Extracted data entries

··········

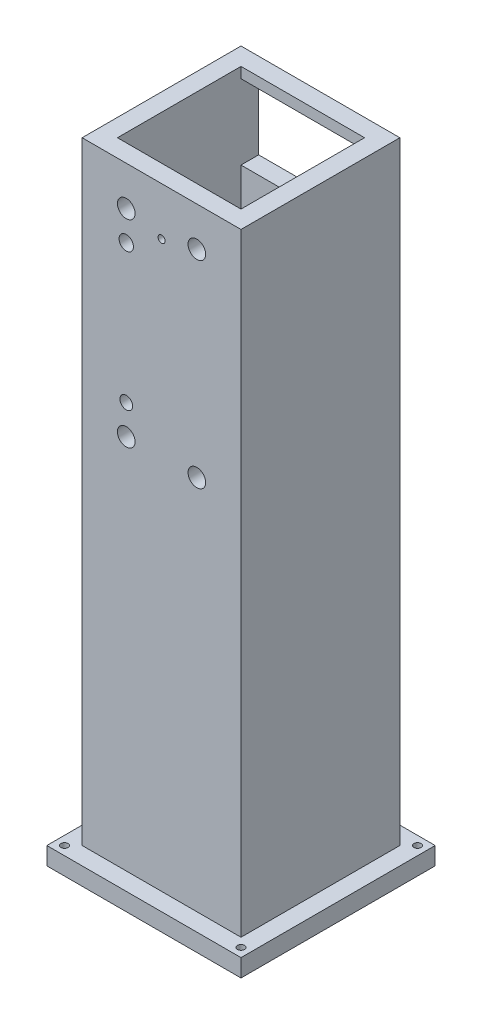
from build123d import *

# Parameters (mm, degrees)
CROQUIS1_W                 = 45
CROQUIS1_H                 = 45
SALIENTE_EXTRUIR1_DEPTH    = 300
CROQUIS4_W                 = 18
CROQUIS4_H                 = 34
CORTAR_EXTRUIR2_DEPTH      = 46
CROQUIS8_W                 = 35
CROQUIS8_H                 = 35
CORTAR_EXTRUIR3_DEPTH      = 301
CROQUIS9_W                 = 35
CROQUIS9_H                 = 21.174410022
CORTAR_EXTRUIR4_DEPTH      = 10
CROQUIS10_R                = 1
CORTAR_EXTRUIR5_DEPTH      = 10
CROQUIS11_W                = 45
CROQUIS11_H                = 26.387879272
CORTAR_EXTRUIR6_DEPTH      = 46
CROQUIS13_W                = 45
CROQUIS13_H                = 100
CORTAR_EXTRUIR7_DEPTH      = 23.5
CORTAR_EXTRUIR7_DEPTH_BACK = 23.5
CROQUIS14_W                = 55
CROQUIS14_H                = 55
SALIENTE_EXTRUIR2_DEPTH    = 5
CROQUIS16_R                = 1
CORTAR_EXTRUIR8_DEPTH      = 1
CORTAR_EXTRUIR8_DEPTH_BACK = 179.612120728
CROQUIS17_R                = 2.5
CROQUIS17_R_2              = 2.03
CROQUIS17_R_3              = 1.793308219
CORTAR_EXTRUIR9_DEPTH      = 6
CORTAR_EXTRUIR9_DEPTH_BACK = 51


with BuildPart() as part:
    # Croquis1 → Saliente-Extruir1 (new body)
    with BuildSketch(Plane(origin=(0, 0, 0), x_dir=(1, 0, 0), z_dir=(0, 1, 0))):
        Rectangle(CROQUIS1_W, CROQUIS1_H)
    extrude(amount=SALIENTE_EXTRUIR1_DEPTH)

    # Croquis4 → Cortar-Extruir2 (cut, through all)
    with BuildSketch(Plane.ZY.offset(22.5)):
        with Locations((13.5, 17)):
            Rectangle(CROQUIS4_W, CROQUIS4_H)
    extrude(amount=-CORTAR_EXTRUIR2_DEPTH, mode=Mode.SUBTRACT)

    # Croquis8 → Cortar-Extruir3 (cut, through all)
    with BuildSketch(Plane(origin=(0, 300, 0), x_dir=(1, 0, 0), z_dir=(0, 1, 0))):
        Rectangle(CROQUIS8_W, CROQUIS8_H)
    extrude(amount=-CORTAR_EXTRUIR3_DEPTH, mode=Mode.SUBTRACT)

    # Croquis9 → Cortar-Extruir4 (cut)
    with BuildSketch(Plane(origin=(0, 0, -22.5), x_dir=(-1, 0, 0), z_dir=(0, 0, -1))):
        with Locations((0, 260)):
            Rectangle(CROQUIS9_W, CROQUIS9_H)
    extrude(amount=-CORTAR_EXTRUIR4_DEPTH, mode=Mode.SUBTRACT)

    # Croquis10 → Cortar-Extruir5 (cut)
    with BuildSketch(Plane.XY.offset(22.5)):
        with Locations((0, 260)):
            Circle(CROQUIS10_R)
    extrude(amount=-CORTAR_EXTRUIR5_DEPTH, mode=Mode.SUBTRACT)

    # Croquis11 → Cortar-Extruir6 (cut, through all)
    with BuildSketch(Plane.XY.offset(22.5)):
        with Locations((0, 286.806060364)):
            Rectangle(CROQUIS11_W, CROQUIS11_H)
    extrude(amount=-CORTAR_EXTRUIR6_DEPTH, mode=Mode.SUBTRACT)

    # Croquis13 → Cortar-Extruir7 (cut, two sides)
    with BuildSketch(Plane(origin=(0, 0, 0), x_dir=(0, 0, -1), z_dir=(1, 0, 0))) as cortar_extruir7_sk:
        with Locations((0, 50)):
            Rectangle(CROQUIS13_W, CROQUIS13_H)
    extrude(amount=CORTAR_EXTRUIR7_DEPTH, mode=Mode.SUBTRACT)
    extrude(cortar_extruir7_sk.sketch, amount=-CORTAR_EXTRUIR7_DEPTH_BACK, mode=Mode.SUBTRACT)

    # Croquis14 → Saliente-Extruir2 (add)
    with BuildSketch(Plane.XZ.offset(-100)):
        Rectangle(CROQUIS14_W, CROQUIS14_H)
    extrude(amount=SALIENTE_EXTRUIR2_DEPTH)

    # Croquis16 → Cortar-Extruir8 (cut, two sides)
    with BuildSketch(Plane.XZ.offset(-95)) as cortar_extruir8_sk:
        with Locations((25, 25)):
            Circle(CROQUIS16_R)
        with Locations((-25, 25)):
            Circle(CROQUIS16_R)
        with Locations((-25, -25)):
            Circle(CROQUIS16_R)
        with Locations((25, -25)):
            Circle(CROQUIS16_R)
    extrude(amount=CORTAR_EXTRUIR8_DEPTH, mode=Mode.SUBTRACT)
    extrude(cortar_extruir8_sk.sketch, amount=-CORTAR_EXTRUIR8_DEPTH_BACK, mode=Mode.SUBTRACT)

    # Croquis17 → Cortar-Extruir9 (cut, two sides)
    with BuildSketch(Plane.XY.offset(22.5)) as cortar_extruir9_sk:
        with Locations((-10, 262.50260741)):
            Circle(CROQUIS17_R)
        with Locations((-10, 254.10260741)):
            Circle(CROQUIS17_R_2)
        with Locations((-10, 214.90260741)):
            Circle(CROQUIS17_R_3)
        with Locations((-10, 206.50260741)):
            Circle(CROQUIS17_R)
        with Locations((10, 262.50260741)):
            Circle(CROQUIS17_R)
        with Locations((10, 206.50260741)):
            Circle(CROQUIS17_R)
    extrude(amount=CORTAR_EXTRUIR9_DEPTH, mode=Mode.SUBTRACT)
    extrude(cortar_extruir9_sk.sketch, amount=-CORTAR_EXTRUIR9_DEPTH_BACK, mode=Mode.SUBTRACT)


solid = part.part
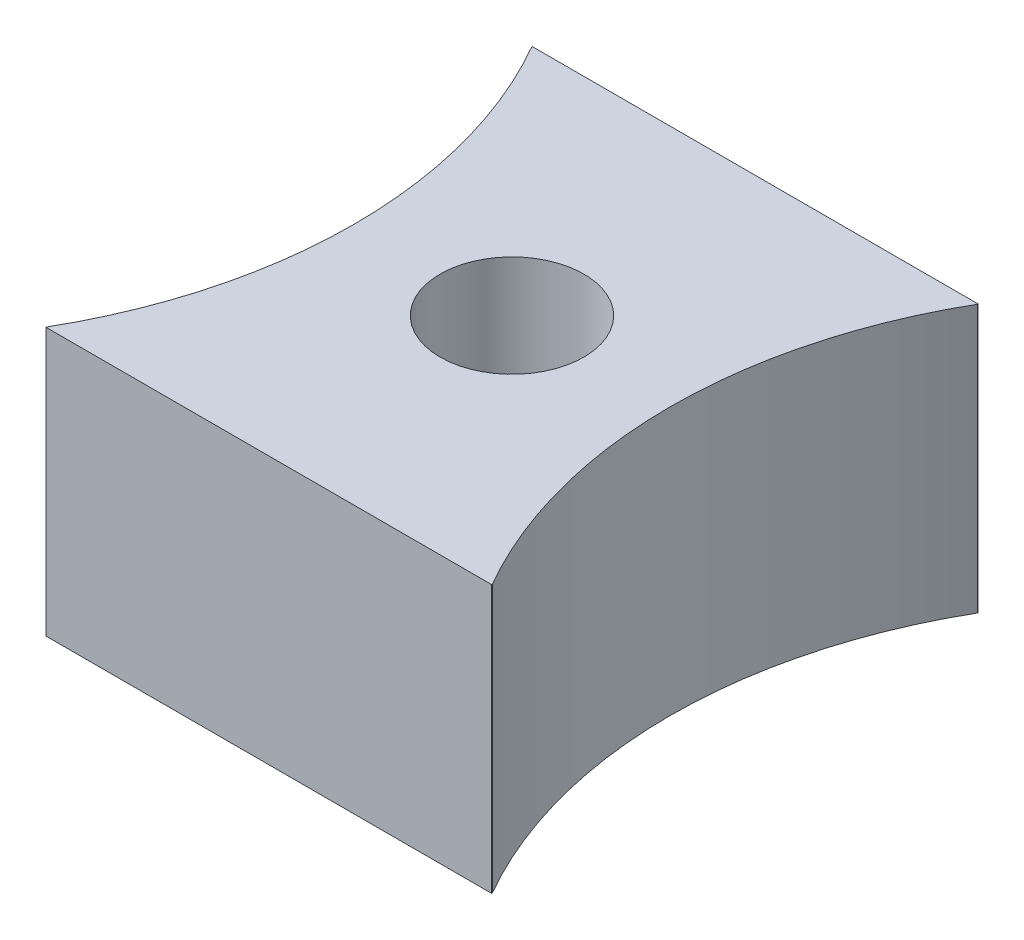
from build123d import *

# Parameters (mm, degrees)
SKETCH1_W           = 11
SKETCH1_H           = 12
BOSS_EXTRUDE1_DEPTH = 6.6
CUT_EXTRUDE1_DEPTH  = 6.6


with BuildPart() as part:
    # Sketch1 → Boss-Extrude1 (new body)
    with BuildSketch(Plane(origin=(0, 0, 0), x_dir=(1, 0, 0), z_dir=(0, 1, 0))):
        with Locations((5.5, -6)):
            Rectangle(SKETCH1_W, SKETCH1_H)
    extrude(amount=BOSS_EXTRUDE1_DEPTH)

    # Sketch2 → Cut-Extrude1 (cut)
    with BuildSketch(Plane(origin=(0, 6.6, 0), x_dir=(1, 0, 0), z_dir=(0, 1, 0))):
        with BuildLine():
            ThreePointArc((11, -0.013348181), (9.4, -6), (11, -11.986651819))
            Line((11, -11.986651819), (11, -0.013348181))
        make_face()
        with BuildLine():
            ThreePointArc((0, -11.986651819), (1.6, -6), (0, -0.013348181))
            Line((0, -0.013348181), (0, -11.986651819))
        make_face()
        with BuildLine():
            ThreePointArc((7.275, -6), (6.755114537, -4.744885463), (5.5, -4.225))
            Line((5.5, -4.225), (5.5, -7.775))
            ThreePointArc((5.5, -7.775), (6.755114537, -7.255114537), (7.275, -6))
        make_face()
        with BuildLine():
            Line((5.5, -7.775), (5.5, -4.225))
            ThreePointArc((5.5, -4.225), (3.725, -6), (5.5, -7.775))
        make_face()
    extrude(amount=-CUT_EXTRUDE1_DEPTH, mode=Mode.SUBTRACT)


solid = part.part
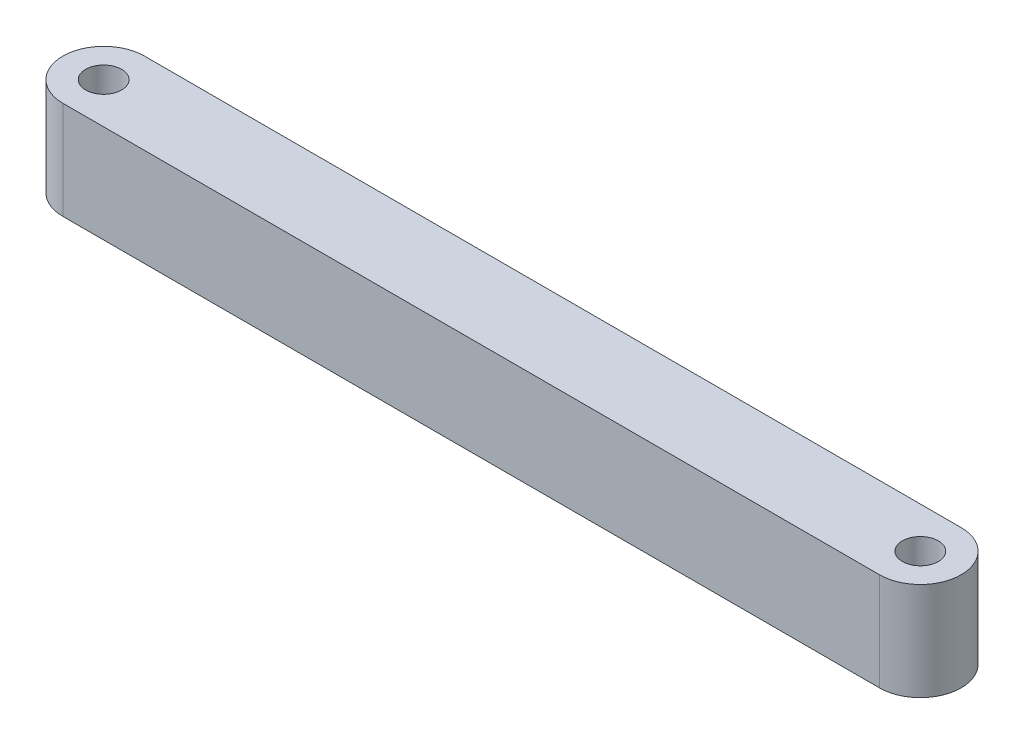
from build123d import *

# Parameters (mm, degrees)
SKETCH1_R           = 2.2
BOSS_EXTRUDE1_DEPTH = 12


with BuildPart() as part:
    # Sketch1 → Boss-Extrude1 (new body)
    with BuildSketch(Plane(origin=(0, 0, 0), x_dir=(1, 0, 0), z_dir=(0, 1, 0))):
        with BuildLine():
            ThreePointArc((-6.535515489, 3.580947173), (-11.535515489, -1.419052827), (-6.535515489, -6.419052827))
            Line((-6.535515489, -6.419052827), (93.464484511, -6.419052827))
            ThreePointArc((93.464484511, -6.419052827), (98.464484511, -1.419052827), (93.464484511, 3.580947173))
            Line((93.464484511, 3.580947173), (-6.535515489, 3.580947173))
        make_face()
        with Locations((-6.535515489, -1.419052827)):
            Circle(SKETCH1_R, mode=Mode.SUBTRACT)
        with Locations((93.464484511, -1.419052827)):
            Circle(SKETCH1_R, mode=Mode.SUBTRACT)
    extrude(amount=BOSS_EXTRUDE1_DEPTH)


solid = part.part
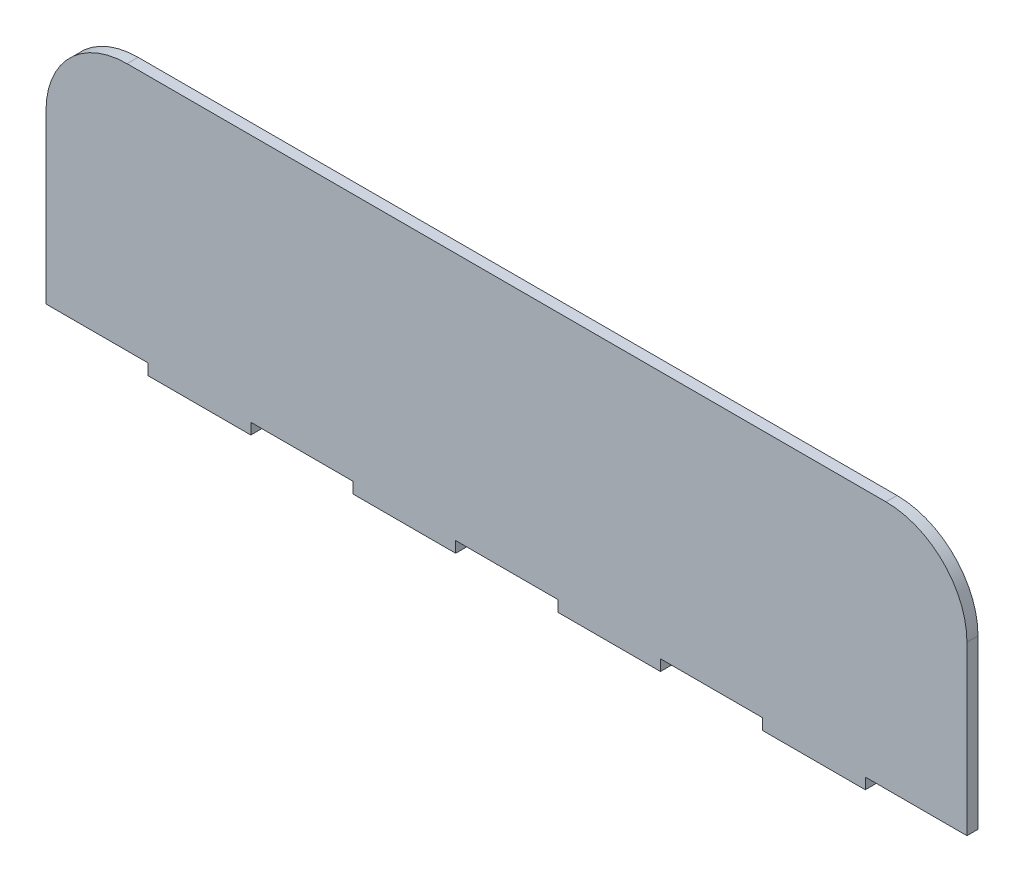
from build123d import *

# Parameters (mm, degrees)
SKETCH1_W           = 500
SKETCH1_H           = 501
BOSS_EXTRUDE1_DEPTH = 6
FILLET1_R           = 44
SKETCH2_W           = 55.5
SKETCH2_H           = 6
CUT_EXTRUDE1_DEPTH  = 10
LPATTERN1_COUNT     = 5
LPATTERN1_PITCH     = 111.2
SKETCH3_W           = 500
SKETCH3_H           = 360
CUT_EXTRUDE2_DEPTH  = 10


with BuildPart() as part:
    # Sketch1 → Boss-Extrude1 (new body)
    with BuildSketch(Plane.XY):
        with Locations((250, 250.5)):
            Rectangle(SKETCH1_W, SKETCH1_H)
    extrude(amount=BOSS_EXTRUDE1_DEPTH)

    # Fillet1
    fillet1_edges = [part.edges().sort_by_distance(p)[0] for p in [
        (0, 501, 3),
        (500, 501, 3),
        (500, 0, 3),
        (0, 0, 3),
    ]]
    fillet(fillet1_edges, radius=FILLET1_R)

    # Sketch2 → Cut-Extrude1 (cut)
    with BuildSketch(Plane(origin=(0, 0, 0), x_dir=(-1, 0, 0), z_dir=(0, 0, -1))):
        with Locations((-27.75, 363)):
            Rectangle(SKETCH2_W, SKETCH2_H)
    cut_extrude1 = extrude(amount=-CUT_EXTRUDE1_DEPTH, mode=Mode.SUBTRACT)

    # LPattern1: Cut-Extrude1 ×5
    with Locations(*[(i * LPATTERN1_PITCH, 0, 0) for i in range(1, LPATTERN1_COUNT)]):
        add(cut_extrude1, mode=Mode.SUBTRACT)

    # Sketch3 → Cut-Extrude2 (cut)
    with BuildSketch(Plane(origin=(0, 0, 0), x_dir=(-1, 0, 0), z_dir=(0, 0, -1))):
        with Locations((-250, 180)):
            Rectangle(SKETCH3_W, SKETCH3_H)
    extrude(amount=-CUT_EXTRUDE2_DEPTH, mode=Mode.SUBTRACT)


solid = part.part

··········

Task goal
The answer must be an exact copy of the lines from the start of the records above through the line containing "Rectangle(CROQUIS1_W, CROQUIS1_H)", with no pictures in it.

Problem solution
from build123d import *

# Parameters (mm, degrees)
CROQUIS1_W                 = 45
CROQUIS1_H                 = 45
SALIENTE_EXTRUIR1_DEPTH    = 300
CROQUIS4_W                 = 18
CROQUIS4_H                 = 34
CORTAR_EXTRUIR2_DEPTH      = 46
CROQUIS8_W                 = 35
CROQUIS8_H                 = 35
CORTAR_EXTRUIR3_DEPTH      = 301
CROQUIS9_W                 = 35
CROQUIS9_H                 = 21.174410022
CORTAR_EXTRUIR4_DEPTH      = 10
CROQUIS10_R                = 1
CORTAR_EXTRUIR5_DEPTH      = 10
CROQUIS11_W                = 45
CROQUIS11_H                = 26.387879272
CORTAR_EXTRUIR6_DEPTH      = 46
CROQUIS13_W                = 45
CROQUIS13_H                = 100
CORTAR_EXTRUIR7_DEPTH      = 23.5
CORTAR_EXTRUIR7_DEPTH_BACK = 23.5
CROQUIS14_W                = 55
CROQUIS14_H                = 55
SALIENTE_EXTRUIR2_DEPTH    = 5
CROQUIS16_R                = 1
CORTAR_EXTRUIR8_DEPTH      = 1
CORTAR_EXTRUIR8_DEPTH_BACK = 179.612120728
CROQUIS17_R                = 2.5
CROQUIS17_R_2              = 2.03
CROQUIS17_R_3              = 1.793308219
CORTAR_EXTRUIR9_DEPTH      = 6
CORTAR_EXTRUIR9_DEPTH_BACK = 51


with BuildPart() as part:
    # Croquis1 → Saliente-Extruir1 (new body)
    with BuildSketch(Plane(origin=(0, 0, 0), x_dir=(1, 0, 0), z_dir=(0, 1, 0))):
        Rectangle(CROQUIS1_W, CROQUIS1_H)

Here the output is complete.